Nie przyjmuj vouchera, domagaj się zwrotu pieniędzy. Przewoźnicy będą rozpieszczać pasażerów

Marcin Długosz
Linie lotnicze już teraz są sporo dłużne pasażerom, do tego tracą najbardziej marżowe źródła przychodów. Co to oznacza? Że muszą stanąć na rzęsach, by zachęcić podróżnych do kupowania biletów. To podróżni mają obecnie lepsze karty i mogą oczekiwać lepszych ofert.
Linie lotnicze powoli wracają do lotów. Są bardzo zdesperowane. To oznacza, że pasażerowie mogą liczyć na atrakcyjne oferty. Fot. 123rf.com
Bilety nie są głównym źródłem zysków linii lotniczych, bo mają dość niskie marże. Większe pieniądze przewoźnicy robią na dodatkowych usługach - priorytetowe wejście na pokład, dodatkowy bagaż, serwis pokładowy.

Ceny biletów w dół?

Ze względu na pandemię, odwołane loty, zaległości, jakich linie wciąż nie uregulowały względem pasażerów, te są w niewesołej sytuacji. Dodajmy do tego obostrzenia w podróżowaniu, o których coraz więcej się mówi - mniejszej liczbie pasażerów na pokładzie, braku serwisu pokładowego, koszty dezynfekcji maszyn i sprzętu ochronnego dla załóg - będą robiły, co tylko mogą, by przyciągnąć podróżujących, w tym obniżając, miejscami drastycznie, ceny.

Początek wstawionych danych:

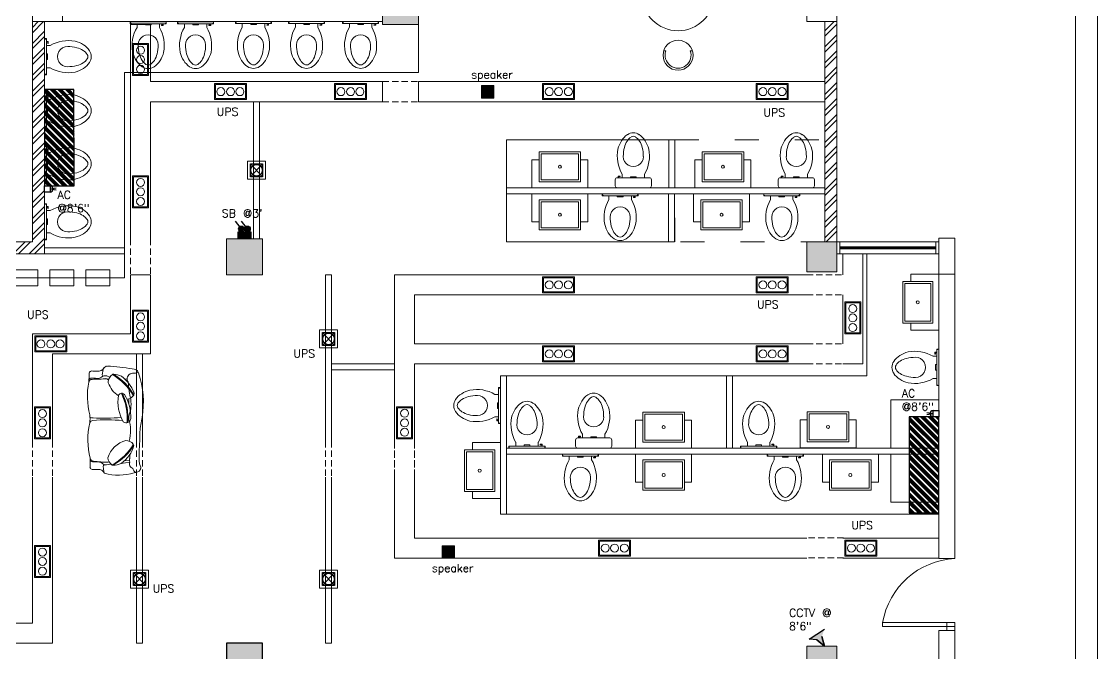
# Model space of a CAD drawing. Header units: inches. Extents: x 111501 to 134888, y 46021 to 52102.
# Drawn here: x 113987 to 114525, y 47033 to 47349 of the extents above; entities that cross this region are included whole.
import ezdxf

# ---------------------------------------------------------------- set-up
doc = ezdxf.new("R2010")
doc.units = ezdxf.units.IN
doc.header["$MEASUREMENT"] = 0
doc.linetypes.add('ACAD_ISO03W100', pattern=[30, 12, -18])
doc.linetypes.add('HIDDEN2', pattern=[4.7625, 3.175, -1.5875])
for name, color, linetype, lineweight in [('ceiling light', 5, 'Continuous', 5), ('column', 252, 'Continuous', 9), ('DOOR', 1, 'Continuous', 0), ('FURNITURE', 14, 'Continuous', 18), ('SHEET', 7, 'Continuous', 30), ('text1', 7, 'Continuous', 0), ('wall', 7, 'Continuous', 9), ('window', 140, 'Continuous', 15)]:
    doc.layers.add(name, color=color, linetype=linetype, lineweight=lineweight)
for name, color, linetype in [('electrical layout', 250, 'Continuous'), ('electrical planing', 251, 'Continuous'), ('false ceiling', 5, 'Continuous'), ('RO', 7, 'Continuous')]:
    doc.layers.add(name, color=color, linetype=linetype)
doc.styles.get("Standard").update_dxf_attribs({"font": 'txt.shx', "height": 6})
pattern_1 = [(45, (15065.448, 38.135), (-3.97747564, 3.97747564), []), (45, (15068.0994, 38.135), (-3.97747564, 3.97747564), [])]

# ---------------------------------------------------------------- blocks, each defined once
blk = doc.blocks.new('A$C2699740B')
at = {"layer": 'FURNITURE'}
for p, q in [((1, 17.05), (1, 1)), ((1, 14.62), (2.86, 14.62)), ((1, 3.43), (2.86, 3.43))]:
    blk.add_line(p, q, dxfattribs=at)
at = {"layer": 'FURNITURE', "linetype": 'Continuous'}
for p, q in [((1, 10.45), (1.54, 10.45)), ((1.54, 7.61), (1, 7.61)), ((1.54, 10.45), (1.54, 7.61))]:
    blk.add_line(p, q, dxfattribs=at)
at = {"layer": 'FURNITURE'}
blk.add_lwpolyline([(0, 0), (1.02, 0), (1.02, 18.06), (0, 18.06)], close=True, dxfattribs=at)
at = {"layer": 'FURNITURE', "linetype": 'Continuous'}
for points in [[(1.53, 16.58), (1, 16.58), (1, 16.35), (1.53, 16.35)], [(1.53, 16.58), (1.87, 16.58), (1.87, 15.63), (1.65, 15.63)], [(1.53, 16.26), (1.53, 16.35)]]:
    blk.add_lwpolyline(points, dxfattribs=at)
blk.add_arc((-0.37, 15.59), 2.01, 0.8881, 19.3392, dxfattribs=at)
at = {"layer": 'FURNITURE', "extrusion": (0, 0, -1)}
for centre, start_param, end_param in [((0, 17.05), 2.356194, 3.926991), ((0, 1), 3.926991, 5.497787)]:
    blk.add_ellipse(centre, major_axis=(-0.709, -0.709), ratio=1, start_param=start_param, end_param=end_param, dxfattribs=at)
at = {"layer": 'FURNITURE'}
for centre, major_axis, start_param, end_param in [((11.95, -1.19), (-12.9, -12.9), 3.740911, 4.44905), ((11.62, 2.43), (10.46, -10.46), 1.79758, 2.102858), ((11.6, 9.03), (3.56, -3.56), 2.356179, 5.497772), ((11.6, -4), (-12.77, -12.77), 3.673654, 3.926975), ((13.26, 2.43), (-8.08, -8.08), 3.368376, 3.673654), ((15.79, 6.48), (4.7, -4.7), 1.370664, 1.797579), ((14.16, 6.48), (7.07, -7.07), 1.370664, 1.797579), ((18, 9.03), (3.81, -3.81), 0.785384, 1.370663), ((13.26, 15.63), (-8.08, -8.08), 1.038704, 1.343982), ((15.79, 11.57), (-4.7, -4.7), 1.343983, 1.770898), ((14.16, 11.57), (7.07, -7.07), -0.226814, 0.200102), ((19.64, 9.03), (-1.44, -1.44), 2.35618, 2.941459), ((19.64, 9.03), (-1.44, -1.44), 1.7709, 2.356179), ((18, 9.03), (-3.81, -3.81), 1.770899, 2.356178), ((11.91, 19.01), (12.74, -12.74), -1.31209, -0.594747), ((11.6, 22.05), (12.77, -12.77), -0.785413, -0.532092), ((11.62, 15.63), (-10.46, -10.46), 1.038704, 1.343982)]:
    blk.add_ellipse(centre, major_axis=major_axis, ratio=1, start_param=start_param, end_param=end_param, dxfattribs=at)
blk = doc.blocks.new('fgfdg')
at = {"layer": 'FURNITURE'}
for points in [[(9958.2, 25320.5), (9961.82, 25320.5), (9961.82, 25334.5), (9933.82, 25334.5), (9933.82, 25320.5), (9937.44, 25320.5)], [(9937.44, 25316.5), (9937.44, 25331.56), (9958.2, 25331.56), (9958.2, 25316.5), (9937.44, 25316.5), (9937.44, 25316.5)]]:
    blk.add_lwpolyline(points, dxfattribs=at)
blk.add_lwpolyline([(9938.44, 25317.5), (9938.44, 25330.56), (9957.2, 25330.56), (9957.2, 25317.5), (9938.44, 25317.5)], close=True, dxfattribs=at)
blk.add_circle((9947.82, 25324.03), 0.75, dxfattribs=at)
blk = doc.blocks.new('so')
at = {"layer": 'FURNITURE'}
for p, q in [((93752.34, 46905.16), (93752.51, 46906.52)), ((93769.7, 46908.55), (93770.47, 46908.35)), ((93770.77, 46907.56), (93771.08, 46904.87)), ((93762.11, 46903.43), (93757.75, 46902.84)), ((93760.52, 46902.13), (93757.93, 46901.98)), ((93769.43, 46904.14), (93767.18, 46903.8)), ((93768.58, 46902.89), (93768.03, 46902.73)), ((93758.31, 46881.28), (93758.24, 46879.86)), ((93753.59, 46857.91), (93753.48, 46858.34)), ((93759.31, 46862.37), (93758.99, 46862.39)), ((93760.5, 46861.17), (93759.13, 46861.32)), ((93769.27, 46859.7), (93767.77, 46860.37)), ((93769.29, 46861.22), (93768.4, 46861.65)), ((93771.08, 46856.49), (93771.61, 46859.22)), ((93776, 46857.32), (93774.86, 46857.39)), ((93777.45, 46857.47), (93777.04, 46857.3)), ((93777.89, 46857.84), (93777.45, 46857.47)), ((93769.77, 46854.9), (93769.47, 46854.89))]:
    blk.add_line(p, q, dxfattribs=at)
for centre, radius, start, end in [((93752.46, 46904.62), 4.07, 18.4048, 56.0401), ((93754.78, 46907.41), 0.592, 8.8705, 94.0542), ((93763.41, 46883.52), 25.81, 74.1393, 107.6386), ((93755.74, 46903.77), 2.22, 335.1345, 74.7005), ((93780.54, 46879.15), 29.07, 119.8296, 148.5746), ((93770.84, 46890.55), 15.56, 124.1523, 166.0404), ((93780.63, 46879.22), 28.66, 119.184, 149.2689), ((93755.09, 46901.83), 2.85, 350.2141, 20.7648), ((93756.37, 46904.5), 12.96, 285.2491, 342.4773), ((93765.94, 46896.04), 8.32, 88.95, 117.4194), ((93765.76, 46903.7), 0.425, 39.9333, 118.7173), ((93766.29, 46903.99), 0.425, 39.9333, 118.7173), ((93763.54, 46900.06), 5.23, 5.8481, 53.1687), ((93769.92, 46901.55), 2.64, 74.0148, 100.6563), ((93759.97, 46897.06), 5.07, 219.4617, 267.8877), ((93777.5, 46879.99), 20.24, 176.5091, 212.6661), ((93759.56, 46880.94), 2.28, 111.7738, 176.8067), ((93787.71, 46881), 29.07, 175.9325, 205.5687), ((93759.48, 46879.97), 3.18, 64.5085, 103.8842), ((93787.69, 46881.11), 28.66, 175.9605, 206.263), ((93744.39, 46872.73), 19.32, 350.1279, 31.5529), ((93757.39, 46868.51), 1.77, 156.9035, 196.4041), ((93756.02, 46869.34), 0.305, 93.719, 203.897), ((93780.82, 46883.9), 29.07, 210.3996, 239.1446), ((93780.9, 46883.82), 28.66, 209.7053, 239.7902), ((93759.92, 46866.36), 5.07, 98.3846, 139.5125), ((93679.26, 46871.47), 79.79, 359.9178, 0.1427), ((93761.85, 46870.2), 1.77, 219.5642, 259.0648), ((93761.77, 46868.6), 0.305, 212.0713, 322.2493), ((93761.83, 46870.19), 1.77, 275.2559, 334.0143), ((93755.99, 46858.63), 13.37, 20.038, 55.9443), ((93774.12, 46875.91), 20.07, 203.2376, 232.6739), ((93763.43, 46863.29), 5.23, 305.8056, 353.1262), ((93764.3, 46862.3), 4.34, 4.7503, 12.2324), ((93755.56, 46853.08), 5.35, 81.4491, 112.1737), ((93756.27, 46861.23), 2.87, 271.8187, 21.7343), ((93765.91, 46867.27), 8.32, 241.5549, 270.0243), ((93766.16, 46859.33), 0.425, 240.2569, 319.041), ((93769.85, 46864.16), 4.5, 262.578, 288.7751)]:
    blk.add_arc(centre, radius, start, end, dxfattribs=at)
at = {"layer": 'FURNITURE', "extrusion": (0, 0, -1)}
for centre, major_axis, ratio, start_param, end_param in [((93757.64, 46904.17), (-5.13, 2.35), 0.618231, 5.500844, 7.184555), ((93773.54, 46909.47), (-3.31, 0.03), 0.909091, 4.616161, 5.890683), ((93775.94, 46852.61), (-59.28, 0.53), 0.909091, 1.527079, 1.573647), ((93776.15, 46905.08), (-1.62, 0.01), 0.909091, 1.838774, 2.80094), ((93689.39, 46899.23), (-63.77, 0.57), 0.909091, 3.056167, 3.251523), ((93921.13, 46888.07), (-163.89, 1.47), 0.909091, 0.062984, 0.077367), ((93759.67, 46900.91), (-1.84, 0.02), 0.909091, 0.073573, 0.254317), ((93764.63, 46809.88), (-102.4, 0.92), 0.909091, 1.601237, 1.67337), ((93767.88, 46905.84), (-3.36, 0.03), 0.909091, 3.452305, 3.740947), ((93773.87, 46910.2), (-0.08, 7.57), 0.730686, 3.178935, 3.779527), ((93775.86, 46848.78), (-59.28, 0.53), 0.909091, 1.527079, 1.573647), ((93775.75, 46900.71), (-1.84, 0.02), 0.909091, 1.671525, 3.054326), ((93776.07, 46901.25), (-1.62, 0.01), 0.909091, 1.838774, 2.80094), ((93890.94, 46901.04), (-113.36, 2.08), 0.701645, 6.254642, 6.313975), ((93921.96, 46889.1), (164.59, 2.24), 0.332533, 3.039374, 3.24171), ((94512.72, 46901.52), (761.68, 30.39), 0.237765, 3.06991, 3.193225), ((93769.2, 46973.97), (1.09, 92.29), 0.86194, 3.038922, 3.227555), ((93776.06, 46879.38), (1.82, 0.64), 0.643947, 4.915204, 6.007097), ((93776.1, 46883.74), (-1.41, 1.06), 0.914805, 2.750316, 4.013629), ((93640.53, 46875.47), (-138.39, 7.62), 0.514907, 2.983139, 3.210922), ((93925.72, 46873.33), (-167.53, 1.5), 0.909091, 6.258896, 6.277374), ((93724.36, 46862.32), (24.04, 24.18), 1, 0.556107, 0.764052), ((93760.41, 46863.29), (-1.84, 0.02), 0.909091, 5.638899, 6.209604), ((93776.49, 46863.15), (-1.84, 0.02), 0.909091, 3.260925, 4.643725), ((93891.41, 46855.42), (-113.27, 4.67), 0.710878, 6.259211, 6.318545), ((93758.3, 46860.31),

− Takie działanie miałoby w krótkim czasie zachęcić szerokie grono podróżnych do ponownego latania, a w efekcie udowodnić, że jest to znowu bezpieczne - komentuje Jacek Podoba, szef firmy GIVT, zajmującej się pomocą dla pasażerów w sporach z liniami lotniczymi.

− Z kolei drugi scenariusz jest odwrotnością tego pierwszego − kontynuuje Jacek Podoba. − Przez to, że w najbliższych miesiącach tzw. "load factory", czyli stopień zapełnienia samolotu, będą niskie, ceny pojedynczych biletów powinny wzrosnąć, aby loty miały jakikolwiek finansowy sens − dodaje.

Przyjmując ten wygodniejszy dla pasażerów scenariusz, a więc opcję obniżek, pamiętać należy, że to także wiąże się z ryzykiem. W ostatnich latach i bez pandemii mieliśmy przypadki bankructw linii lotniczych, a w tym roku są w nieporównywalnie gorszej sytuacji.

Tak czy inaczej, eksperci GIVT namawiają pasażerów, by nie przyjmowali zbyt ochoczo voucherów na odwołane czy przesunięte loty, a te z chęcią będą rozdawane przez linie. Lepiej ubiegać się o należny zwrot gotówki, co daje pasażerowi więcej opcji.

W próbach przewidzenia polityki cenowej zdesperowanych linii lotniczych nie pomaga brak jasnych regulacji państw unijnych co do środków ostrożności podejmowanych na czas rejsów.

Czego chcieliby sami pasażerowie?

Z badania firmy PROS, która usiłowała ustalić oczekiwania podróżnych względem linii lotniczych, wynika że większość z nich planuje jakiś przelot w perspektywie 6-12 miesięcy. Co by ich zachęciło do latania? Najczęściej wskazywano nieoczywiste formy - rodzaj rocznego abonamentu, który pozwalałby latać z danym przewoźnikiem lub usługę odroczonej płatności za bilet, istotną rolę gra dla nich nie tylko oferta, ale i warunki podróży - rezerwacja bez osoby siedzącej na miejscu obok, dostęp do środków ochronnych i dezynfekcji.

Napływają pierwsze szczegóły odnośnie odmrażania linii lotniczych. Ryanair wznawia 200 tras z i do Polski od 1 lipca, Wizzair już w połowie czerwca. Ten pierwszy, pośrednio potwierdzając tezę o desperacji przewoźników, zaoferował pasażerom możliwość uniknięcia opłaty za zmianę rezerwacji na wybranych lotach.